Mantenían la cabeza baja.

No poder pasar ni siquiera la primera ronda era una gran deshonra para ellos y para quienquiera que los respaldara.

Después de que terminó el tiempo, de las más de cinco mil personas que vinieron a realizar los exámenes, solo quedaron dos mil.

El examen había eliminado a tres mil candidatos.

La hija del vizconde, Fay, también lo había logrado, aunque usó la mitad del tiempo para terminar.

—Felicitaciones a todos ustedes que han logrado pasar la primera etapa del examen.

—No importa qué método hayan usado, aun así aprobaron —dijo el hombre y miró a Silva, como diciéndole que estaba vigilándolo.

Silva le devolvió una sonrisa y luego apartó la mirada.

No le importaba lo que este hombre pensara, no le afectaba de ninguna manera.

—Ahora, tienen diez minutos antes del próximo examen.

Serán conducidos a la siguiente sala cuando se acabe el tiempo.

Será un examen práctico, así que prepárense —dijo el hombre y abandonó el escenario.

El salón inmediatamente estalló en ruido, celebración y más.

Habían logrado pasar por la primera etapa, y eso valía la pena celebrarlo.

Fay se acercó a Silva.

Se sentó tan cerca que sus pechos, que aún se estaban formando, presionaban contra su brazo.

—Silva, ¿qué sacaste?

Estoy segura de que fue realmente alto —dijo ella.

—Dime primero el tuyo —dijo Silva, siguiéndole el juego.

Hizo lo mejor por no pensar en esa suave sensación en su brazo.

—Saqué 81.

Bastante bueno, ¿verdad?

—preguntó, mostrando una sonrisa.

—¿Eso es todo lo que sacaste?

Yo saqué 98 —vino Lia a reventar su burbuja.

La cara de Fay cambió a una expresión de enfado, saltando chispas mientras Fay y Lia se miraban con dagas en los ojos.

—Yo saqué cien —dijo Silva, terminando su pelea con una palabra.

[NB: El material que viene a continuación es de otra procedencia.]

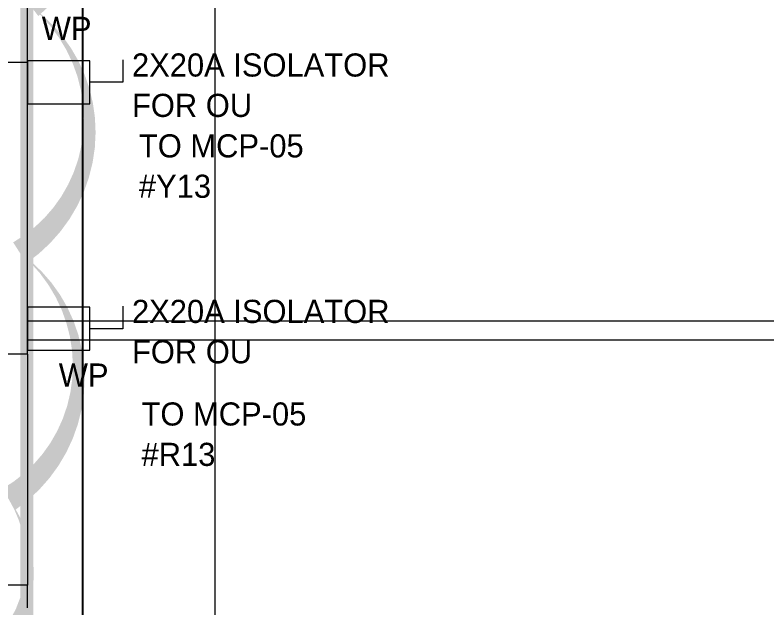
# Model space of a CAD drawing. Header units: metres. Extents: x 75097 to 220695, y -1557923 to -1361206.
# Drawn here: x 115034 to 120896, y -1447773 to -1443154 of the extents above; entities that cross this region are included whole.
import ezdxf

# ---------------------------------------------------------------- set-up
doc = ezdxf.new("R2010")
doc.units = ezdxf.units.M
doc.linetypes.add('DASHED2', pattern=[0.375, 0.25, -0.125])
doc.layers.get('0').update_dxf_attribs({"lineweight": 0})
doc.layers.add('A-100 - Copy$0$axes', color=8, linetype='Continuous')
doc.layers.add('A-100 - Copy$0$Proj', color=8, linetype='Continuous', lineweight=0)
doc.layers.add('A-100 - Copy$0$Walls', color=8, linetype='Continuous', lineweight=0)
for name, color, linetype, lineweight, true_color in [('E-POWR', 7, 'Continuous', 9, 0x4e7e3e), ('E-POWR-IDEN _1-100_', 7, 'Continuous', 9, 0x4e7e3e), ('REV 01', 7, 'Continuous', 0, 0xe41b4d)]:
    doc.layers.add(name, color=color, linetype=linetype, lineweight=lineweight, true_color=true_color)
doc.styles.add('Optima_5', font='', dxfattribs={"height": 3.001645})
doc.styles.get('Optima_5').set_extended_font_data('Optima')

# ---------------------------------------------------------------- blocks, each defined once
blk = doc.blocks.new('GI-041_dwg__U120-3902841-GI-041')
at = {"layer": 'E-POWR', "flags": 128}
blk.add_lwpolyline([(-0.1145, 0), (0.1145, 0), (0.1145, 0.1572), (-0.1145, 0.1572)], close=True, dxfattribs=at)
blk.add_lwpolyline([(0.2354, 0.1613), (0.2354, 0.0786), (0.1145, 0.0786)], dxfattribs=at)
blk = doc.blocks.new('A-100 - Copy')
at = {"layer": 'A-100 - Copy$0$axes'}
blk.add_line((115563.3, -1477297.4, 0), (115563.3, -1366771.9, 0), dxfattribs=at)
blk.add_line((115563.3, -1477297.4, 0), (115563.3, -1366771.9, 0), dxfattribs=at)
at = {"layer": 'A-100 - Copy$0$Proj'}
for p, q in [((115130.3, -1443522.7, 2.4), (115130.3, -1441722.7, 2.4)), ((122212.4, -1445537.7, 2.4), (115130.3, -1445537.7, 2.4)), ((122140.3, -1445687.7, 2.4), (115130.3, -1445687.7, 2.4)), ((115130.3, -1445796.4, 2.4), (115130.3, -1447596.4, 2.4))]:
    blk.add_line(p, q, dxfattribs=at)
at = {"layer": 'A-100 - Copy$0$Proj', "elevation": 0}
blk.add_lwpolyline([(157571.2, -1442382.7), (157571.2, -1453692.7), (116594.6, -1453692.7), (116594.6, -1442382.7)], close=True, dxfattribs=at)
at = {"layer": 'A-100 - Copy$0$Walls'}
for p, q in [((115130.3, -1443522.7, 2.4), (114930.3, -1443522.7, 2.4)), ((115130.3, -1445796.4, 2.4), (115130.3, -1443522.7, 2.4)), ((115130.3, -1445796.4, 1.2), (114930.3, -1445796.4, 1.2)), ((115130.3, -1447596.4, 1.2), (114930.3, -1447596.4, 1.2)), ((115130.3, -1447772.7, 2.4), (115130.3, -1447596.4, 1.2))]:
    blk.add_line(p, q, dxfattribs=at)

msp = doc.modelspace()

# ---------------------------------------------------------------- linework, layer by layer
at = {"layer": 'E-POWR', "color": 240, "linetype": 'DASHED2', "ltscale": 500, "true_color": 0xf10e52, "const_width": 100, "elevation": 0}
msp.add_lwpolyline([(115125.3, -1447867.7), (115125.3, -1441102.7), (159446.3, -1441102.7)], dxfattribs=at)

# ---------------------------------------------------------------- block references
at = {"color": 85, "xscale": 2127.341102341351, "yscale": 2127.341102341351, "zscale": 2127.341102341351}
for p in [(115373.9, -1443844.6, 2.4), (115373.9, -1445764.3, 2.4)]:
    msp.add_blockref('GI-041_dwg__U120-3902841-GI-041', p, dxfattribs=at)

# ---------------------------------------------------------------- texts
at = {"layer": 'E-POWR-IDEN _1-100_', "attachment_point": 1, "rotation": 360, "line_spacing_factor": 1.047943, "style": 'Optima_5'}
for s, insert, char_height, width in [('WP', (115242.3, -1443167.3, 0), 180.1, 3.637978807091713e-12), ('2X20A ISOLATOR\\PFOR OU', (115945.5, -1443452.5, 2.4), 180.099, 2475.925), ('TO MCP-05 \\P#Y13', (115999.4, -1444082.6), 180.1, 2475.925), ('2X20A ISOLATOR\\PFOR OU', (115945.5, -1445372.2, 2.4), 180.099, 2475.925), ('WP', (115374.9, -1445868.2), 180.1, 3.637978807091713e-12), ('TO MCP-05 \\P#R13', (116020, -1446171.4), 180.1, 2475.925)]:
    msp.add_mtext(s, dxfattribs=dict(at, insert=insert, char_height=char_height, width=width))

# ---------------------------------------------------------------- next in the draw order: block references
msp.add_blockref('A-100 - Copy', (0, 0))

# ---------------------------------------------------------------- next in the draw order: linework, layer by layer
at = {"layer": 'REV 01', "color": 3, "elevation": -2.4}
msp.add_lwpolyline([(109329.6, -1441683.3, 0, 192.3, -0.520567), (111248.8, -1441562.7, 0, 192.3, -0.520567), (113168.1, -1441442.1, 0, 192.3, -0.520567), (115087.3, -1441321.4, 0, 192.3, -0.520567), (115156.8, -1443084.5, 0, 192.3, -0.520567), (115071, -1445005.6, 0, 192.3, -0.520567), (114985.3, -1446926.7, 0, 192.3, -0.520567), (114437.2, -1448371.9, 0, 192.3, -0.520567), (112514.4, -1448402.3, 0, 192.3, -0.520567), (110591.6, -1448432.7, 0, 192.3, -0.520567), (108974, -1448169.5, 0, 192.3, -0.520567), (109079.3, -1446249.4, 0, 192.3, -0.520567), (109184.6, -1444329.3, 0, 192.3, -0.520567)], format="xyseb", close=True, dxfattribs=at)

doc.saveas('drawing.dxf')

Ambas lo miraron de manera confusa.

¿Habían escuchado correctamente?

—¿Hablas en serio, hermano?

—preguntó Lia.

—Sí, el examen fue realmente fácil —dijo Silva.

—Solo tú dirías eso —dijo Fay.

Cruzó los brazos e hizo un puchero.

—Solo fue memorización, nada especial —dijo Silva.

—De nuevo, solo tú dirías eso —dijo Fay.

—No te preocupes, hermano, te venceré la próxima vez —dijo Lia con convicción.

—Da lo mejor de ti; no te lo pondré fácil —dijo Silva.

—¡Yo también!

¡No me dejen fuera de esto!

—dijo Fay.

—Pensé que estabas enfadada conmigo hace un momento —dijo Silva.

—Bueno, ya no estoy enojada, y también quiero intentar derrotarte —dijo Fay.

—De acuerdo, den lo mejor de ustedes.

Si alguna de ustedes puede obtener una puntuación más alta que la mía en cualquier examen, haré lo que quieran por un día —dijo Silva.

Solo esas palabras sirvieron como una gran motivación para ambas.

Decidieron que darían todo de sí hasta que no pudieran más.

El examinador regresó al salón y subió al escenario de nuevo.

—Bien, su próximo examen ha sido establecido.

Todos me seguirán a la siguiente sala, y el examen se llevará a cabo allí —dijo el hombre y caminó a través de la puerta.

Todos los estudiantes se levantaron y se dirigieron hacia la puerta, pero había bastantes de ellos, y Silva chocó con alguien por accidente, resultó ser su hermano, Oliver Terrón.